As the population ages in developed countries, namely in Europe (in 2030 ∼ 25 percent of EU citizens will be over 65 years old¹), new challenges arise from the growing burden of age-related conditions and diseases on national health systems and consequent needs to develop better treatments for those conditions. The negative impact of aging on cognitive functioning, which is our focus, is well known.²

Studies testing traditional techniques to improve cognitive functioning have shown some therapeutic success.
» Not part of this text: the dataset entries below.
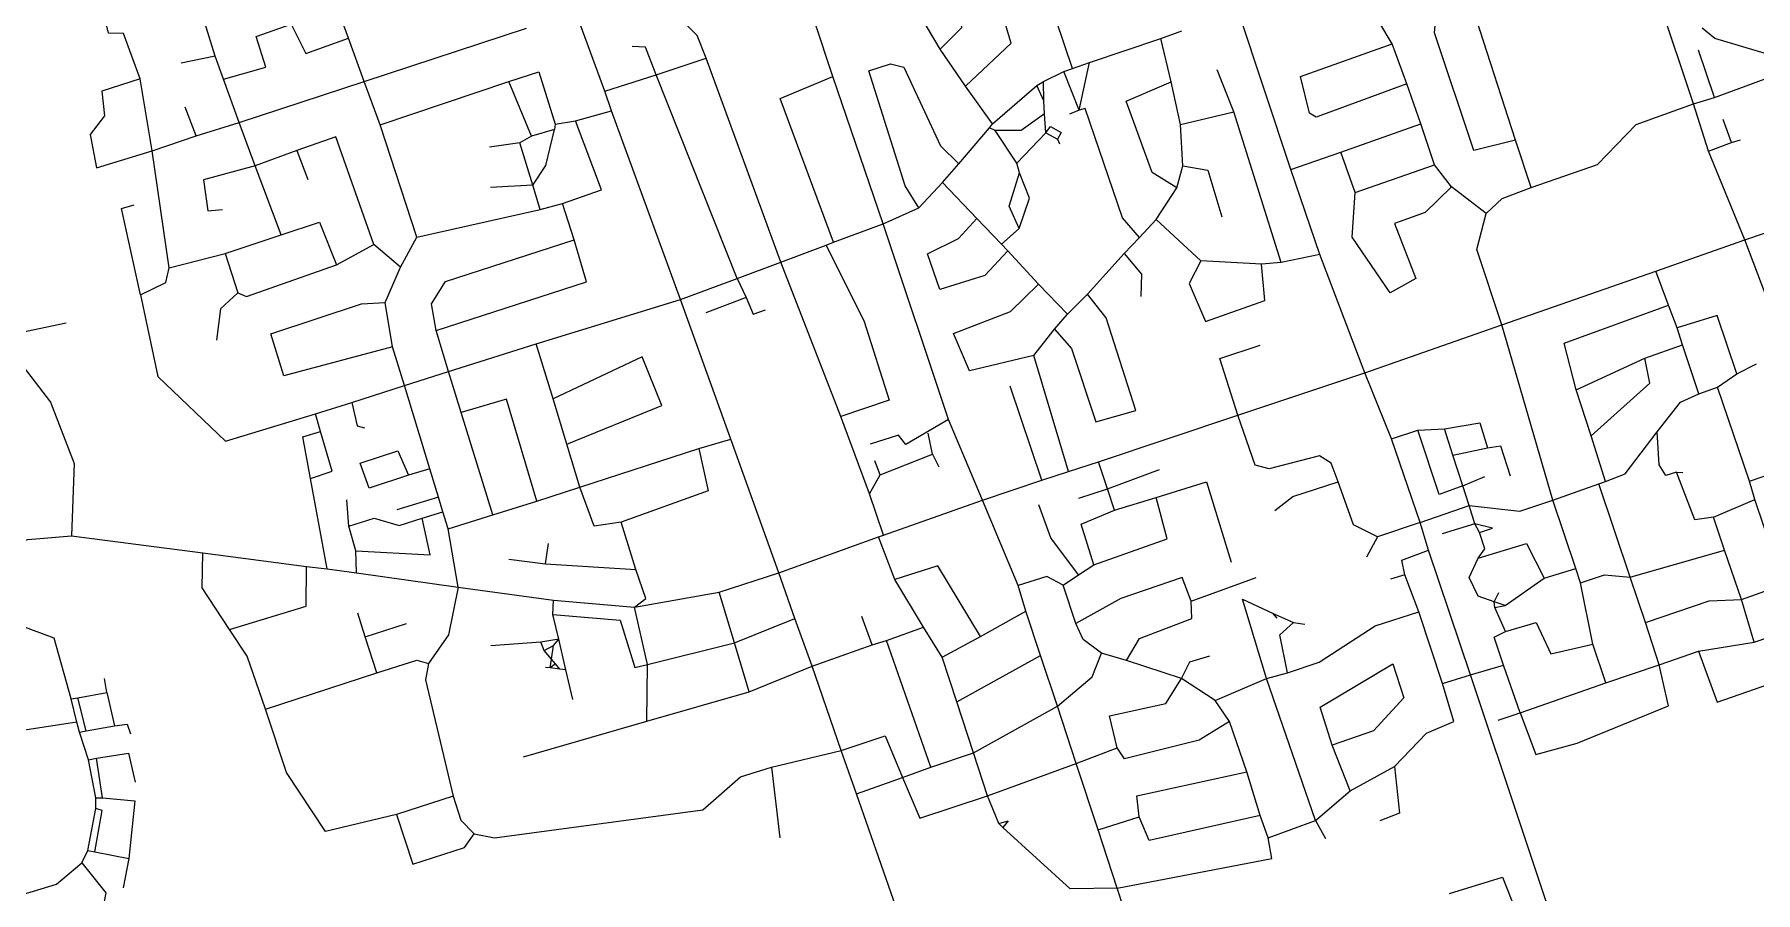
# Model space of a CAD drawing. Header units: metres. Extents: x 609554 to 651406, y 4826501 to 4857446.
# Drawn here: x 633423 to 636972, y 4847618 to 4849386 of the extents above; entities that cross this region are included whole.
import ezdxf

# ---------------------------------------------------------------- set-up
doc = ezdxf.new("R2010")
doc.units = ezdxf.units.M

msp = doc.modelspace()

# ---------------------------------------------------------------- linework, layer by layer
at = {"layer": 'ROADS'}
for points in [[(634808.4, 4849337.2), (634789.6, 4849383.9), (634702.1, 4849473.3), (634609.4, 4849453.6), (634500.5, 4849747.7), (634531.4, 4849826.2)], [(635563.8, 4849316.5), (635478.9, 4849566.6)], [(633641.5, 4849295.1), (633606.8, 4849388.5), (633576.1, 4849388.9), (633539.5, 4849537.3)], [(634071, 4849378.9), (634018.2, 4849522.9)], [(635343.2, 4849279.9), (635436.9, 4849368.6), (635401.6, 4849488), (635327.3, 4849463.7), (635334.8, 4849399.8), (635291, 4849356)], [(633795.7, 4849341.9), (633774.4, 4849410.5), (633797, 4849450.1)], [(636843.7, 4849243.1), (636773.7, 4849452.6)], [(634599.1, 4849269.4), (634538.8, 4849433.3)], [(635291, 4849356), (635242.5, 4849437.1)], [(636013.9, 4849108.1), (635905.7, 4849433.1)], [(636476.7, 4849168.5), (636391, 4849146.9), (636309.7, 4849389.5), (636315.1, 4849442.9)], [(636476.7, 4849168.5), (636396.9, 4849416.9)], [(633813.2, 4849294.2), (633900.6, 4849318.6), (633880.5, 4849381.8), (633952.4, 4849407.8), (633983.2, 4849347.3), (634071, 4849378.9)], [(634103.3, 4849289.4), (634071, 4849378.9)], [(634103.3, 4849289.4), (634437.6, 4849399.5)], [(635069.3, 4849300), (635032.3, 4849411.3)], [(635599, 4849328.8), (635745.9, 4849378.2)], [(635745.9, 4849378.2), (635789.2, 4849394)], [(635766.9, 4849288.6), (635745.9, 4849378.2)], [(636222.7, 4849366.9), (636197.2, 4849409.4)], [(637018, 4849304.4), (636996.5, 4849345.5), (636888, 4849378), (636861.8, 4849399.4)], [(634705.2, 4849303.4), (634683, 4849360.3), (634655.5, 4849361.5)], [(635343.2, 4849279.9), (635291, 4849356)], [(636253.2, 4849284.4), (636066, 4849216), (636052.1, 4849223.8), (636033.8, 4849299.4), (636222.7, 4849366.9)], [(636253.2, 4849284.4), (636222.7, 4849366.9)], [(636887.2, 4849256.2), (636854.6, 4849354.2)], [(633795.7, 4849341.9), (633725.6, 4849327.3)], [(633813.2, 4849294.2), (633795.7, 4849341.9)], [(634401.6, 4849289.3), (634463.2, 4849309), (634497.2, 4849201.7)], [(634705.2, 4849303.4), (634808.4, 4849337.2)], [(634962.2, 4848916.9), (634808.4, 4849337.2)], [(635246.9, 4849029.3), (635218.3, 4849074.6), (635143.6, 4849311.3), (635188.3, 4849326.1), (635216.2, 4849318.6), (635291.8, 4849157), (635329, 4849119.7)], [(635504, 4849289.2), (635546, 4849309.8)], [(635546, 4849309.8), (635563.8, 4849316.5)], [(635577.7, 4849230), (635546, 4849309.8)], [(635563.8, 4849316.5), (635599, 4849328.8)], [(635577.7, 4849230), (635599, 4849328.8)], [(635896.3, 4849227), (635862.1, 4849313.2)], [(633641.5, 4849295.1), (633562.2, 4849269.6), (633567.8, 4849218.7), (633538.3, 4849180.2), (633551.6, 4849111.4), (633666, 4849146.5)], [(633666, 4849146.5), (633641.5, 4849295.1)], [(633845.7, 4849204.8), (633813.2, 4849294.2)], [(633845.7, 4849204.8), (634103.3, 4849289.4)], [(634136.4, 4849200), (634103.3, 4849289.4)], [(634136.4, 4849200), (634401.6, 4849289.3)], [(634448.3, 4849176.4), (634401.6, 4849289.3)], [(634599.1, 4849269.4), (634705.2, 4849303.4)], [(634872.3, 4848883.1), (634705.2, 4849303.4)], [(635071, 4848958), (634960.6, 4849254), (635069.3, 4849300)], [(635173, 4848995.8), (635069.3, 4849300)], [(635398.8, 4849201.9), (635343.2, 4849279.9)], [(635398.8, 4849201.9), (635490.1, 4849280.9)], [(635490.1, 4849280.9), (635504, 4849289.2)], [(635504.6, 4849249.7), (635490.1, 4849280.9)], [(635504.6, 4849249.7), (635504, 4849289.2)], [(635778.7, 4849070.3), (635727.6, 4849101.9), (635674, 4849248.9), (635766.9, 4849288.6)], [(635786.4, 4849201), (635766.9, 4849288.6)], [(636281.6, 4849201.9), (636253.2, 4849284.4)], [(636887.2, 4849256.2), (637018, 4849304.4)], [(633756.8, 4849177.2), (633734, 4849236.8)], [(634613.4, 4849228.7), (634599.1, 4849269.4)], [(635506, 4849222.6), (635504.6, 4849249.7)], [(636509.2, 4849071), (636646, 4849118.5), (636725.9, 4849201), (636843.7, 4849243.1)], [(636843.7, 4849243.1), (636887.2, 4849256.2)], [(636875.1, 4849145.7), (636843.7, 4849243.1)], [(633756.8, 4849177.2), (633845.7, 4849204.8)], [(633878.2, 4849115.3), (633845.7, 4849204.8)], [(634211.8, 4848968.4), (634136.4, 4849200)], [(634497.2, 4849201.7), (634495.7, 4849190.6)], [(634497.2, 4849201.7), (634538.9, 4849208.3)], [(634512.2, 4849037.8), (634592.3, 4849066.3), (634538.9, 4849208.3)], [(634538.9, 4849208.3), (634613.4, 4849228.7)], [(634755.1, 4848840.2), (634613.4, 4849228.7)], [(635392.2, 4849193.7), (635398.8, 4849201.9)], [(635506, 4849222.6), (635457.9, 4849188.2), (635404.4, 4849188.4)], [(635508.5, 4849183.8), (635506, 4849222.6)], [(635577.7, 4849230), (635557.7, 4849222.2)], [(635701.7, 4848968.1), (635666.5, 4849008.7), (635589.9, 4849233.5), (635577.7, 4849230)], [(635786.4, 4849201), (635896.3, 4849227)], [(635791.4, 4849115.9), (635786.4, 4849201)], [(635994, 4848916.7), (635896.3, 4849227)], [(636116.8, 4849143.9), (636281.6, 4849201.9)], [(636309.8, 4849117.4), (636281.6, 4849201.9)], [(636922.4, 4849163.5), (636905.4, 4849211.3)], [(633666, 4849146.5), (633756.8, 4849177.2)], [(634123, 4848953.8), (634044.5, 4849175.4), (633964.4, 4849146.9)], [(634448.3, 4849176.4), (634424.1, 4849162.8)], [(634495.7, 4849190.6), (634448.3, 4849176.4)], [(634451, 4849075.6), (634477.7, 4849116.5), (634495.7, 4849190.6)], [(635329, 4849119.7), (635392.2, 4849193.7)], [(635404.4, 4849188.4), (635392.2, 4849193.7)], [(635449, 4849121), (635404.4, 4849188.4)], [(635449, 4849121), (635508.5, 4849183.8)], [(635508.5, 4849183.8), (635518.6, 4849196.5), (635540, 4849184.5), (635532.4, 4849170.5)], [(635508.5, 4849183.8), (635532.4, 4849170.5)], [(635532.4, 4849170.5), (635536.9, 4849160.8)], [(636509.2, 4849071), (636476.7, 4849168.5)], [(636922.4, 4849163.5), (636941, 4849169)], [(633700.9, 4848905.1), (633666, 4849146.5)], [(633964.4, 4849146.9), (633878.2, 4849115.3)], [(633964.4, 4849146.9), (633987.1, 4849087.3)], [(634424.1, 4849162.8), (634361.4, 4849153.8)], [(634451, 4849075.6), (634424.1, 4849162.8)], [(636013.9, 4849108.1), (636116.8, 4849143.9)], [(636146.7, 4849060.5), (636116.8, 4849143.9)], [(636875.1, 4849145.7), (636922.4, 4849163.5)], [(636949.5, 4848963), (636875.1, 4849145.7)], [(633878.2, 4849115.3), (633771.8, 4849086.4), (633781.2, 4849022.6), (633811.2, 4849025.6)], [(633932.2, 4848973.3), (633878.2, 4849115.3)], [(635295.7, 4849081.5), (635329, 4849119.7)], [(635453.4, 4848986.2), (635432.9, 4849032.5), (635454.6, 4849101)], [(635454.6, 4849101), (635449, 4849121)], [(635453.4, 4848986.2), (635475.1, 4849049), (635454.6, 4849101)], [(635778.7, 4849070.3), (635791.4, 4849115.9)], [(635791.4, 4849115.9), (635842.7, 4849106.8), (635871.2, 4849010.5)], [(636073.3, 4848933.1), (636013.9, 4849108.1)], [(636146.7, 4849060.5), (636309.8, 4849117.4)], [(636345.3, 4849072.1), (636309.8, 4849117.4)], [(634451, 4849075.6), (634364, 4849071.1)], [(634466.4, 4849025.7), (634451, 4849075.6)], [(635246.9, 4849029.3), (635295.7, 4849081.5)], [(635366.2, 4849007.3), (635295.7, 4849081.5)], [(635736.3, 4849005), (635778.7, 4849070.3)], [(636345.3, 4849072.1), (636290.6, 4849019.1), (636227.8, 4848996.9), (636271.8, 4848883.7), (636218.9, 4848853.8), (636140.3, 4848968.4), (636146.7, 4849060.5)], [(636416.6, 4849017.4), (636345.3, 4849072.1)], [(636416.6, 4849017.4), (636449.6, 4849048.1), (636509.2, 4849071)], [(636949.5, 4848963), (637320.7, 4849088.7)], [(633641.9, 4848850), (633603, 4849027.9), (633629.1, 4849035.1)], [(634211.8, 4848968.4), (634466.4, 4849025.7)], [(634466.4, 4849025.7), (634512.2, 4849037.8)], [(634536.5, 4848963.3), (634512.2, 4849037.8)], [(635173, 4848995.8), (635246.9, 4849029.3)], [(633932.2, 4848973.3), (634010.9, 4848999.7), (634046.4, 4848911.4)], [(635071, 4848958), (635173, 4848995.8)], [(635307.9, 4848592.8), (635173, 4848995.8)], [(635430.5, 4848940.5), (635382.6, 4848889.6), (635289.8, 4848860.9), (635264.9, 4848934.5), (635328.3, 4848965.6), (635366.2, 4849007.3)], [(635417, 4848954.5), (635366.2, 4849007.3)], [(635701.7, 4848968.1), (635736.3, 4849005)], [(635828, 4848919.7), (635736.3, 4849005)], [(636448.6, 4848787.6), (636397.4, 4848943), (636416.6, 4849017.4)], [(633816.5, 4848935.2), (633932.2, 4848973.3)], [(634046.4, 4848911.4), (634123, 4848953.8)], [(634177.8, 4848906.8), (634123, 4848953.8)], [(634177.8, 4848906.8), (634211.8, 4848968.4)], [(634252, 4848776.1), (634241.9, 4848830.9), (634270.6, 4848877.4), (634536.5, 4848963.3)], [(634252, 4848776.1), (634561.4, 4848876.7), (634536.5, 4848963.3)], [(634962.2, 4848916.9), (635055.8, 4848951.8)], [(635055.8, 4848951.8), (635071, 4848958)], [(635055.8, 4848951.8), (635134.3, 4848795.1), (635185.6, 4848633), (635085.7, 4848599.2)], [(635417, 4848954.5), (635453.4, 4848986.2)], [(635430.5, 4848940.5), (635417, 4848954.5)], [(635670.4, 4848934.7), (635701.7, 4848968.1)], [(636766.5, 4848898.7), (636949.5, 4848963)], [(637037.9, 4848731), (636949.5, 4848963)], [(633700.9, 4848905.1), (633816.5, 4848935.2)], [(633816.5, 4848935.2), (633842.9, 4848853.8)], [(634872.3, 4848883.1), (634962.2, 4848916.9)], [(635085.7, 4848599.2), (634962.2, 4848916.9)], [(635493.7, 4848871.6), (635430.5, 4848940.5)], [(635594.5, 4848851.4), (635670.4, 4848934.7)], [(635670.4, 4848934.7), (635705.8, 4848892.5), (635704.5, 4848846.3)], [(635828, 4848919.7), (635804.2, 4848873.3), (635837.7, 4848794.9), (635960.4, 4848838.1), (635953.2, 4848913)], [(635953.2, 4848913), (635828, 4848919.7)], [(635994, 4848916.7), (635953.2, 4848913)], [(636073.3, 4848933.1), (635994, 4848916.7)], [(636166.2, 4848688.8), (636073.3, 4848933.1)], [(633641.9, 4848850), (633694.1, 4848875), (633700.9, 4848905.1)], [(633842.9, 4848853.8), (633860.3, 4848846), (634046.4, 4848911.4)], [(634146.3, 4848834.2), (634177.8, 4848906.8)], [(634755.1, 4848840.2), (634872.3, 4848883.1)], [(634872.3, 4848883.1), (634891.1, 4848844.1)], [(636448.6, 4848787.6), (636766.5, 4848898.7)], [(636792.7, 4848828.5), (636766.5, 4848898.7)], [(633641.9, 4848850), (633678.1, 4848681.7), (633817.6, 4848548.2), (634002.7, 4848604.2)], [(633842.9, 4848853.8), (633807, 4848821), (633798.8, 4848756.3)], [(635483.6, 4848724.4), (635351.4, 4848693), (635318.5, 4848770.4), (635435.6, 4848815.6), (635493.7, 4848871.6)], [(635553.1, 4848809.7), (635493.7, 4848871.6)], [(635526.6, 4848779.2), (635561.8, 4848738.9), (635612, 4848587.8), (635694, 4848611.2), (635632.9, 4848802.1), (635594.5, 4848851.4)], [(635553.1, 4848809.7), (635594.5, 4848851.4)], [(634161.7, 4848742.4), (633937.3, 4848683.1), (633910.5, 4848769.2), (634097.6, 4848831.4), (634146.3, 4848834.2)], [(634161.7, 4848742.4), (634146.3, 4848834.2)], [(634458, 4848748.8), (634755.1, 4848840.2)], [(634859.5, 4848552.5), (634755.1, 4848840.2)], [(634891.1, 4848844.1), (634807.4, 4848812.7)], [(634891.1, 4848844.1), (634905.4, 4848810.1), (634930.8, 4848818.8)], [(635526.6, 4848779.2), (635553.1, 4848809.7)], [(636601.9, 4848653.7), (636577.1, 4848750.2), (636792.7, 4848828.5)], [(636810.4, 4848781.6), (636792.7, 4848828.5)], [(633368.3, 4848743), (633394.2, 4848772.4), (633489, 4848791.9)], [(634277.1, 4848691.5), (634252, 4848776.1)], [(635483.6, 4848724.4), (635526.6, 4848779.2)], [(636166.2, 4848688.8), (636448.6, 4848787.6)], [(636554.3, 4848426.7), (636448.6, 4848787.6)], [(636933.2, 4848686.7), (636892.8, 4848807.3), (636810.4, 4848781.6)], [(636821.6, 4848746.6), (636810.4, 4848781.6)], [(633368.3, 4848743), (633456.6, 4848628.5), (633505.5, 4848502.4), (633499.9, 4848352.8)], [(634186.2, 4848663), (634161.7, 4848742.4)], [(634277.1, 4848691.5), (634458, 4848748.8)], [(634492.9, 4848635.4), (634458, 4848748.8)], [(635904.5, 4848601.6), (635867.6, 4848718.5), (635950.6, 4848746)], [(636743.6, 4848719.2), (636821.6, 4848746.6)], [(636854.8, 4848645.7), (636821.6, 4848746.6)], [(634521.4, 4848542), (634716.6, 4848621.5), (634676.3, 4848721.8), (634492.9, 4848635.4)], [(635555.4, 4848485.5), (635483.6, 4848724.4)], [(636601.9, 4848653.7), (636743.6, 4848719.2)], [(636632.9, 4848558.9), (636753.9, 4848667.8), (636743.6, 4848719.2)], [(636933.2, 4848686.7), (636973.7, 4848707.3)], [(634186.2, 4848663), (634277.1, 4848691.5)], [(634303.3, 4848607), (634277.1, 4848691.5)], [(635904.5, 4848601.6), (636166.2, 4848688.8)], [(636221.2, 4848553.3), (636166.2, 4848688.8)], [(636893.4, 4848659.6), (636933.2, 4848686.7)], [(634077.5, 4848628.2), (634186.2, 4848663)], [(634238.9, 4848490.9), (634186.2, 4848663)], [(634459.1, 4848424.8), (634397, 4848634.7), (634303.3, 4848607)], [(634521.4, 4848542), (634492.9, 4848635.4)], [(635500.4, 4848467.6), (635435.4, 4848661.8)], [(636632.9, 4848558.9), (636601.9, 4848653.7)], [(636769.2, 4848567.6), (636817, 4848628.6), (636854.8, 4848645.7)], [(636854.8, 4848645.7), (636893.4, 4848659.6)], [(636959.3, 4848465.9), (636893.4, 4848659.6)], [(634002.7, 4848604.2), (634077.5, 4848628.2)], [(634013.5, 4848568.3), (634002.7, 4848604.2)], [(634077.5, 4848628.2), (634089, 4848580), (634103.7, 4848575.5)], [(634368.7, 4848396.2), (634303.3, 4848607)], [(635145.1, 4848439.6), (635085.7, 4848599.2)], [(635616.9, 4848505.7), (635904.5, 4848601.6)], [(636111.5, 4848464.3), (636096.8, 4848502.7), (636072.9, 4848517.8), (635969.4, 4848490.9), (635940.2, 4848498.9), (635904.5, 4848601.6)], [(633992.4, 4848471.2), (633976.7, 4848557.4), (634013.5, 4848568.3)], [(633992.4, 4848471.2), (634037.2, 4848486.1), (634013.5, 4848568.3)], [(635307.9, 4848592.8), (635220.3, 4848541.5), (635204.8, 4848560.6), (635146.2, 4848541.8)], [(635275.3, 4848521.2), (635266.2, 4848564.7)], [(635377.9, 4848426.5), (635307.9, 4848592.8)], [(636221.2, 4848553.3), (636275.4, 4848571)], [(636275.4, 4848571), (636330.9, 4848573.4)], [(636368.3, 4848456), (636319.4, 4848438.1), (636275.4, 4848571)], [(636330.9, 4848573.4), (636403.4, 4848586.1), (636419.6, 4848534.7)], [(636348.1, 4848519.5), (636330.9, 4848573.4)], [(636662.8, 4848465.4), (636703.2, 4848481.2), (636769.2, 4848567.6)], [(636809, 4848484), (636787.2, 4848477.4), (636772.9, 4848499.5), (636769.2, 4848567.6)], [(634194.9, 4848478), (634113.6, 4848451.3), (634095.1, 4848502.7), (634172.4, 4848528.1), (634194.9, 4848478)], [(634547.8, 4848453.4), (634521.4, 4848542)], [(634547.8, 4848453.4), (634793.1, 4848532.9)], [(634793.1, 4848532.9), (634812.2, 4848446.2), (634633.1, 4848381)], [(634793.1, 4848532.9), (634859.5, 4848552.5)], [(634958, 4848276.8), (634859.5, 4848552.5)], [(636280.6, 4848380.9), (636221.2, 4848553.3)], [(636348.1, 4848519.5), (636419.6, 4848534.7)], [(636419.6, 4848534.7), (636445.8, 4848538.7), (636466.1, 4848476.9)], [(636662.8, 4848465.4), (636632.9, 4848558.9)], [(634238.9, 4848490.9), (634194.9, 4848478)], [(634256.2, 4848432.6), (634238.9, 4848490.9)], [(635166.8, 4848479), (635155.8, 4848507.8)], [(635166.8, 4848479), (635275.3, 4848521.2)], [(635275.3, 4848521.2), (635288.2, 4848495.4)], [(635555.4, 4848485.5), (635616.9, 4848505.7)], [(635635.6, 4848450.3), (635616.9, 4848505.7)], [(636368.3, 4848456), (636348.1, 4848519.5)], [(636959.3, 4848465.9), (637044.3, 4848494.6)], [(634027, 4848285.4), (633992.4, 4848471.2)], [(635145.1, 4848439.6), (635166.8, 4848479)], [(635377.9, 4848426.5), (635500.4, 4848467.6)], [(635500.4, 4848467.6), (635555.4, 4848485.5)], [(635635.6, 4848450.3), (635742.8, 4848490)], [(635736, 4848432.1), (635840, 4848464.6), (635891.1, 4848299.1)], [(635981, 4848405.2), (636017.9, 4848434.2), (636111.5, 4848464.3)], [(636192.3, 4848350.8), (636142.7, 4848375.5), (636111.5, 4848464.3)], [(636368.3, 4848456), (636413.9, 4848475.1)], [(636381.2, 4848415.7), (636368.3, 4848456)], [(636554.3, 4848426.7), (636648.8, 4848460.2)], [(636648.8, 4848460.2), (636662.8, 4848465.4)], [(636713.4, 4848267.7), (636648.8, 4848460.2)], [(636809, 4848484), (636821.7, 4848483.6)], [(636885.3, 4848391.8), (636846.9, 4848386.1), (636809, 4848484)], [(636970.6, 4848428), (636959.3, 4848465.9)], [(634071.7, 4848372.8), (634067.3, 4848427.4)], [(634256.2, 4848432.6), (634170.7, 4848406.8)], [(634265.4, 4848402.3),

A systematic review³ found that cognitive stimulation, particularly in dementia patients, promotes gains in cognitive function as well as in both general wellbeing and quality of life (QoL). Similar results were found in another review.⁴

One alternative to traditional strategies and exercises is the use of ICT (Information and Communication Technologies) programs. The evidence to support ICT-based solutions to overcome age-related cognitive decline is, nevertheless, not yet robust⁵: modest improvements were found in studies involving computerized cognitive training (CCT). Cognitive domain and design choice were the primary factors behind the efficacy of the specific technique used.⁶ A set of seven randomized controlled trial studies (RCTs) tested a variety of techniques to enhance memory, executive reasoning, and processing speed; a meta-analysis of its results showed that cognitive training had some long-lasting effects on performance.⁷

In a literature review including 10 RCTs, patients in only half of the trials reviewed showed cognitive improvement, with no visible long-lasting or crossover effects in domain functionality; the authors of the review concluded that there was no evidence that structured cognitive interventions are effective.⁸ Another systematic review on cognitive and memory training in adults at risk of dementia highlighted some promising results but suggested that more RCTs are required to provide robust support for the success of these techniques.⁹ Another review highlighted the significant effect of such therapies on working memory, with clearer results in patients with less prior training; furthermore, the results show promising effects in the transfer of skills from the training context to everyday living.¹⁰ Authors of a review devoted specifically to computer-based approaches⁶ also found interesting results to support these solutions, but they warned against using these solutions outside of a broader rehabilitation program supervised by specialists. A more positive outlook is presented in a review in which the authors conclude that the computerized training is at least as effective as traditional solutions.¹¹ In that same review, the authors found that most of the issues raised when addressing computer-based solutions are not confirmed by the results. Furthermore, these solutions were found to often provide swifter, less labor-intensive, and more effective alternatives to traditional approaches.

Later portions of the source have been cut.